DIRECTIONS » From the line containing "mask help: spacecraft:cubesat:InitCondBlockDesc" down to the line containing "mask DialogControl omega Tooltip: spacecraft:cubesat:RAANTT" in the records below, reproduce every line exactly, ends included, and omit all others.

SUPPLIED MATERIAL »
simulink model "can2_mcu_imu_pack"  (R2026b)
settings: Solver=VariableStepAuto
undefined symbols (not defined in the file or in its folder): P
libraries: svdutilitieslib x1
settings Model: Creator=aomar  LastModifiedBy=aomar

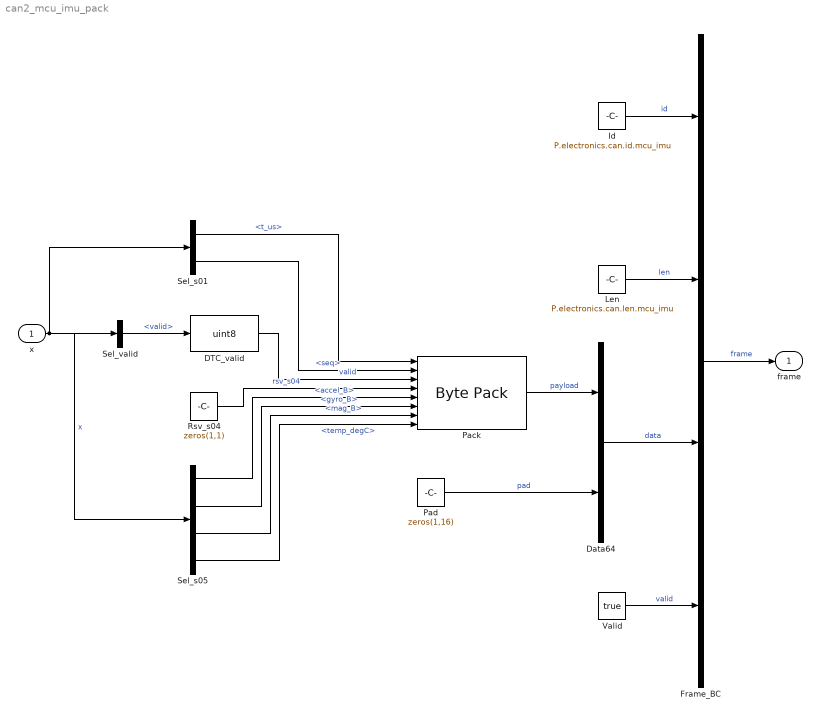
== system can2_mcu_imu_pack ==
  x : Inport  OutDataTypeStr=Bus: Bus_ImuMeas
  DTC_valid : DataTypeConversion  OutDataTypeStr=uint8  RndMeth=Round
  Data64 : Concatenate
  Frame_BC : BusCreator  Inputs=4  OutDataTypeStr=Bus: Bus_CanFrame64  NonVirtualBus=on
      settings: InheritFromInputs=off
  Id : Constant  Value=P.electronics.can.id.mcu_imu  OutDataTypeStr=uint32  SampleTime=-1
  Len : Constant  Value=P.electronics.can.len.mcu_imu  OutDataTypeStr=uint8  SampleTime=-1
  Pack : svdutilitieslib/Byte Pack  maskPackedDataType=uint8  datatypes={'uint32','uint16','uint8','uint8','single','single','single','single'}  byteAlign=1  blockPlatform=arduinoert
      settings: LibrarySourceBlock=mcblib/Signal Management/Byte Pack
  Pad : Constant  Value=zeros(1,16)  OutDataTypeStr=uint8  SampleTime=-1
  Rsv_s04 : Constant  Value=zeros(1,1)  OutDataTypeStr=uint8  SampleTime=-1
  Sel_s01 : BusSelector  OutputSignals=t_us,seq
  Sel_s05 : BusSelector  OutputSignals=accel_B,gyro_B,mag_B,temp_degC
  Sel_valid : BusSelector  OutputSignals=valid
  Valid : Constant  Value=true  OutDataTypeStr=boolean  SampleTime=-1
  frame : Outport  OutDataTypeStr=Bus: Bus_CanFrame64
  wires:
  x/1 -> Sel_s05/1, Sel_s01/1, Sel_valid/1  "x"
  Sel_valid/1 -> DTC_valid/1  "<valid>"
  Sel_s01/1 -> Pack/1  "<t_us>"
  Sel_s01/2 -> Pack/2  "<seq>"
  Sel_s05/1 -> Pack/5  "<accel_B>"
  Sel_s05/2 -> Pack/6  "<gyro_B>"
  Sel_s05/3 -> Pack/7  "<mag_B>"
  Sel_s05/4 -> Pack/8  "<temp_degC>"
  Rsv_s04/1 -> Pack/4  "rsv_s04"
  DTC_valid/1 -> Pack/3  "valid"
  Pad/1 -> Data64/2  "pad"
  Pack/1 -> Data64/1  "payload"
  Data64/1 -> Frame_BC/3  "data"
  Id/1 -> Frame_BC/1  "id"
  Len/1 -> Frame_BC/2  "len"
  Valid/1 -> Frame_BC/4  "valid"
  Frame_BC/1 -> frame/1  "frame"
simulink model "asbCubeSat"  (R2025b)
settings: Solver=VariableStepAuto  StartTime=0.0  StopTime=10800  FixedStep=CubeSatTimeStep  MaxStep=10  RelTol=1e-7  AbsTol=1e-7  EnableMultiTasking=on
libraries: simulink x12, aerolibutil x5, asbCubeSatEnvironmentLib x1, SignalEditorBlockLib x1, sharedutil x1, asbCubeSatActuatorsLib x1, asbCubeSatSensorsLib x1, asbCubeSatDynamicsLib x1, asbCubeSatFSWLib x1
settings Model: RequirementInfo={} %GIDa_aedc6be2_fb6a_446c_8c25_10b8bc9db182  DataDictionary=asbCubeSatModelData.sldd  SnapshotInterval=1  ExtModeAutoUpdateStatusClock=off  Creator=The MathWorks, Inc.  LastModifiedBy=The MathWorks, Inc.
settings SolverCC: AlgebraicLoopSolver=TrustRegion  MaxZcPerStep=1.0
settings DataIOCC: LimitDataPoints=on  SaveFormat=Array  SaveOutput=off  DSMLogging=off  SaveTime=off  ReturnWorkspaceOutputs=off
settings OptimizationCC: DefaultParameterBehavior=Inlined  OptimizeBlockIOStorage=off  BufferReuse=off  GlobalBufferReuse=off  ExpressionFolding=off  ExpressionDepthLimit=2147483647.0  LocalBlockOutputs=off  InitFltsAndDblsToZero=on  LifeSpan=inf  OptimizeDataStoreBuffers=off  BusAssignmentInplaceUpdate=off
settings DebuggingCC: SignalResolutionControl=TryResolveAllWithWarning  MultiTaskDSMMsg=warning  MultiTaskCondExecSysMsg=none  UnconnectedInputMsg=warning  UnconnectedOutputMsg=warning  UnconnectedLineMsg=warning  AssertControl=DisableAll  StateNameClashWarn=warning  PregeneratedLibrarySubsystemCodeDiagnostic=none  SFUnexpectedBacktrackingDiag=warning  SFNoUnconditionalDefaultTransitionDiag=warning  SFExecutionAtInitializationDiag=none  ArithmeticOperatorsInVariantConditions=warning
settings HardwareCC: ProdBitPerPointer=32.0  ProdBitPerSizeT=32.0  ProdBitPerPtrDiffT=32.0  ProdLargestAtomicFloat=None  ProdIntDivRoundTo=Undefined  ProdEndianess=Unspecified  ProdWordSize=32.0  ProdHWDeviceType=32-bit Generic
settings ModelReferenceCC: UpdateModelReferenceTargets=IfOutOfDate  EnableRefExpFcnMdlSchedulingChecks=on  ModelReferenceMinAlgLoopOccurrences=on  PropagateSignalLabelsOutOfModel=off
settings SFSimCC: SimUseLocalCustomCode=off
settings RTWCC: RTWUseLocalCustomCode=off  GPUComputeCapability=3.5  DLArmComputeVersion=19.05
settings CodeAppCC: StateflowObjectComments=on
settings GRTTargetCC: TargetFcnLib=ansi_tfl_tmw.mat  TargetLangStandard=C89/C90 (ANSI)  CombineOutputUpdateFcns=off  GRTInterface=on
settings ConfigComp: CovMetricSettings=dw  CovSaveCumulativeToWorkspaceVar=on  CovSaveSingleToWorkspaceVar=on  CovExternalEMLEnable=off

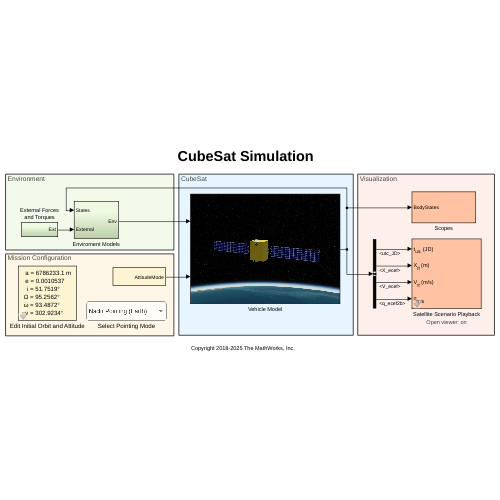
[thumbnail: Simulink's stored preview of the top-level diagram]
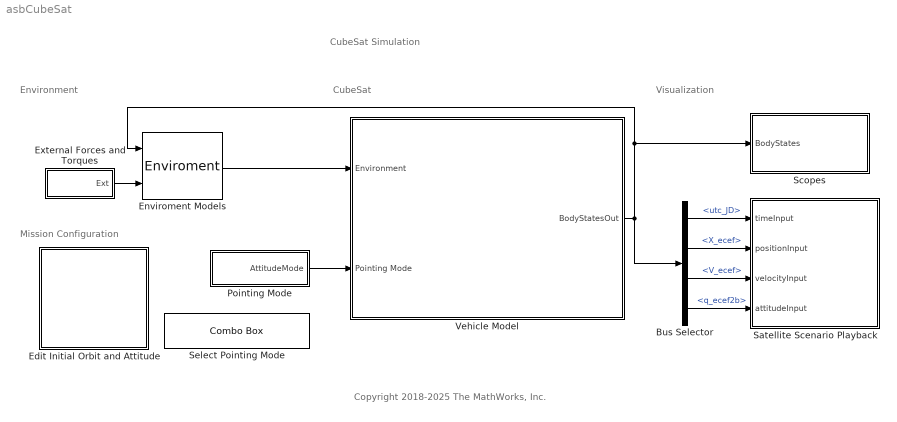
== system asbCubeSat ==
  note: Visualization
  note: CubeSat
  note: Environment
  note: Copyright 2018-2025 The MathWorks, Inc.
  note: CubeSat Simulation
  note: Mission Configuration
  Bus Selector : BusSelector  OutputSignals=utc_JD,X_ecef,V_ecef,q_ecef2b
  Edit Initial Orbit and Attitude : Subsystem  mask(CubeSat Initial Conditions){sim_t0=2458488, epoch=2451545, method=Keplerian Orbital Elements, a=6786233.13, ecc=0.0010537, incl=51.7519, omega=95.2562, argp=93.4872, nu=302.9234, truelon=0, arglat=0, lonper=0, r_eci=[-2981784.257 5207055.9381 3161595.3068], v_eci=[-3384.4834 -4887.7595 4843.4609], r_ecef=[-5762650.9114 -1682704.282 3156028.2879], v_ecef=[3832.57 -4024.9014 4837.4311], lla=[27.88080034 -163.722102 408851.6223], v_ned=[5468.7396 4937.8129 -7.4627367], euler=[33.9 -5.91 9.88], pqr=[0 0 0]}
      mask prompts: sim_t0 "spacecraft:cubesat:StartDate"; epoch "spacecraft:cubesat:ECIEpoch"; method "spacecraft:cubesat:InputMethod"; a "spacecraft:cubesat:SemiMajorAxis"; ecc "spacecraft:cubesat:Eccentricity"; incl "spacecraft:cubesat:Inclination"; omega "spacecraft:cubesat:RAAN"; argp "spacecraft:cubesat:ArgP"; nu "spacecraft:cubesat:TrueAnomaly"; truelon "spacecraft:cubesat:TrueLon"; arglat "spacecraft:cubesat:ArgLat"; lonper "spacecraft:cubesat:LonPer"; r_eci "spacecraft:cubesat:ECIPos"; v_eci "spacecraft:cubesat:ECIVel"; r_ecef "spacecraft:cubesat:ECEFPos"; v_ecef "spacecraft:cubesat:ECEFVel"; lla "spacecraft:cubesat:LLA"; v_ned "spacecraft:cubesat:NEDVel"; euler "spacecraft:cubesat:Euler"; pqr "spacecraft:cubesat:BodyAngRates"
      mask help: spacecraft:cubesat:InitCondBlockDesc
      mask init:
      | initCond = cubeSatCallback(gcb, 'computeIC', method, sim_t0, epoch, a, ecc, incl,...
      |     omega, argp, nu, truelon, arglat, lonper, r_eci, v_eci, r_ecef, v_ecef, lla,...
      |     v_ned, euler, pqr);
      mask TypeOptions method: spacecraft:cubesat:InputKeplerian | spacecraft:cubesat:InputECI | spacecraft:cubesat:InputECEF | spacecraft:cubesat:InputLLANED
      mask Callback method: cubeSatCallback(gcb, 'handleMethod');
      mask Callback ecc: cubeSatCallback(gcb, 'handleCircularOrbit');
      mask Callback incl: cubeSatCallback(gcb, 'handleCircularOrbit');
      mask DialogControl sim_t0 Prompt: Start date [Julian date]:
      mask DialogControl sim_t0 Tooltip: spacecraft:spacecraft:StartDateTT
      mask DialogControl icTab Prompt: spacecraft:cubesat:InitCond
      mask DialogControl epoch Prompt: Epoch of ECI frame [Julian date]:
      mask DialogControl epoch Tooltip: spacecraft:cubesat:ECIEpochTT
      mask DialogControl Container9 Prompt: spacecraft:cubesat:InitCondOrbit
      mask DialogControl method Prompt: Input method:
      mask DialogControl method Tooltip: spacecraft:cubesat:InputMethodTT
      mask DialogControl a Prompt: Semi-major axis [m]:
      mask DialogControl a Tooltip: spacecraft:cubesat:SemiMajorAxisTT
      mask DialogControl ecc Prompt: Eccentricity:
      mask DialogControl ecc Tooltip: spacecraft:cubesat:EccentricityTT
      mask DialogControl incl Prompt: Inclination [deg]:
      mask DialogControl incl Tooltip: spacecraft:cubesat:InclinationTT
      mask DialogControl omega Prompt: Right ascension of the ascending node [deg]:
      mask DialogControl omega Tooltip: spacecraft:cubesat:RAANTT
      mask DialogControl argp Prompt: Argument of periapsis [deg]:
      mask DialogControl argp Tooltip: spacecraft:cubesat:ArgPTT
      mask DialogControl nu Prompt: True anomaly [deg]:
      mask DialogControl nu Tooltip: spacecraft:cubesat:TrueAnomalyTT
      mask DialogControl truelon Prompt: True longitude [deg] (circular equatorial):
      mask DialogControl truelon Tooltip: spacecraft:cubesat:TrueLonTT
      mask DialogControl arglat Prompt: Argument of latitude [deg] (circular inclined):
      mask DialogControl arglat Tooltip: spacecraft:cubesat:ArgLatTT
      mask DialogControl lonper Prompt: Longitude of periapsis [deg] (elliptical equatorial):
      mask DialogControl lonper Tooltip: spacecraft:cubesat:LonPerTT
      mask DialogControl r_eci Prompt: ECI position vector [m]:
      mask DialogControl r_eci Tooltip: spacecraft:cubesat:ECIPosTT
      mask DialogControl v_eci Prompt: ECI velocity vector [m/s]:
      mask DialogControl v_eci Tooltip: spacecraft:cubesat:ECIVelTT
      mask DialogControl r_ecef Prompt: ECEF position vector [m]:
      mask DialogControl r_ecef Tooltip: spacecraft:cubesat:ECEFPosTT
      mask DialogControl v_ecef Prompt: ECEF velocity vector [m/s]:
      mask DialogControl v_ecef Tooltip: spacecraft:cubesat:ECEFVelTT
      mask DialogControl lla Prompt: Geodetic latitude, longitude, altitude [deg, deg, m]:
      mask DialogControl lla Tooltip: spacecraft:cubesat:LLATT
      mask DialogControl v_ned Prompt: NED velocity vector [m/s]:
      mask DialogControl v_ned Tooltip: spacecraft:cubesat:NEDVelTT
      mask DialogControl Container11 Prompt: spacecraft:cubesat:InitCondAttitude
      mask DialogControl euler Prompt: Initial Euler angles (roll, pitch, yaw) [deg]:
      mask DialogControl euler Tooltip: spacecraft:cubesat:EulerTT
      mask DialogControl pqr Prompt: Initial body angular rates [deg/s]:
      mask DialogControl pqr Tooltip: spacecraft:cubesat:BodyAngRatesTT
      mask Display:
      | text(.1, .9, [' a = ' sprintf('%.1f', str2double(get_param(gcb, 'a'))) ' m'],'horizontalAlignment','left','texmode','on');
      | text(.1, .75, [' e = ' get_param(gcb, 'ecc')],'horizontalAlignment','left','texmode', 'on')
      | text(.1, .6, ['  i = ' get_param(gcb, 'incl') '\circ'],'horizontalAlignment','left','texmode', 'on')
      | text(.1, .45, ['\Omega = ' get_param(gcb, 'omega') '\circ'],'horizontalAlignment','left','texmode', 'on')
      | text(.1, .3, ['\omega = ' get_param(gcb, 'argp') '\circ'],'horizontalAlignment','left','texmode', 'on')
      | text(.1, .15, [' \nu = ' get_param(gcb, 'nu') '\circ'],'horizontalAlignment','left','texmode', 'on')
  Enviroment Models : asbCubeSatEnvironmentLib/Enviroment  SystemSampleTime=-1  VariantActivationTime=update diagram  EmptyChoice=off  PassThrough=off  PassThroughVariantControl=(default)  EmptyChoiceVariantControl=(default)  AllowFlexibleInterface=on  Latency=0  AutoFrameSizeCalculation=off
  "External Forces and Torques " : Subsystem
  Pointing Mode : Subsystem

EXERCISE SOLUTION »
      mask help: spacecraft:cubesat:InitCondBlockDesc
      mask init:
      | initCond = cubeSatCallback(gcb, 'computeIC', method, sim_t0, epoch, a, ecc, incl,...
      |     omega, argp, nu, truelon, arglat, lonper, r_eci, v_eci, r_ecef, v_ecef, lla,...
      |     v_ned, euler, pqr);
      mask TypeOptions method: spacecraft:cubesat:InputKeplerian | spacecraft:cubesat:InputECI | spacecraft:cubesat:InputECEF | spacecraft:cubesat:InputLLANED
      mask Callback method: cubeSatCallback(gcb, 'handleMethod');
      mask Callback ecc: cubeSatCallback(gcb, 'handleCircularOrbit');
      mask Callback incl: cubeSatCallback(gcb, 'handleCircularOrbit');
      mask DialogControl sim_t0 Prompt: Start date [Julian date]:
      mask DialogControl sim_t0 Tooltip: spacecraft:spacecraft:StartDateTT
      mask DialogControl icTab Prompt: spacecraft:cubesat:InitCond
      mask DialogControl epoch Prompt: Epoch of ECI frame [Julian date]:
      mask DialogControl epoch Tooltip: spacecraft:cubesat:ECIEpochTT
      mask DialogControl Container9 Prompt: spacecraft:cubesat:InitCondOrbit
      mask DialogControl method Prompt: Input method:
      mask DialogControl method Tooltip: spacecraft:cubesat:InputMethodTT
      mask DialogControl a Prompt: Semi-major axis [m]:
      mask DialogControl a Tooltip: spacecraft:cubesat:SemiMajorAxisTT
      mask DialogControl ecc Prompt: Eccentricity:
      mask DialogControl ecc Tooltip: spacecraft:cubesat:EccentricityTT
      mask DialogControl incl Prompt: Inclination [deg]:
      mask DialogControl incl Tooltip: spacecraft:cubesat:InclinationTT
      mask DialogControl omega Prompt: Right ascension of the ascending node [deg]:
      mask DialogControl omega Tooltip: spacecraft:cubesat:RAANTT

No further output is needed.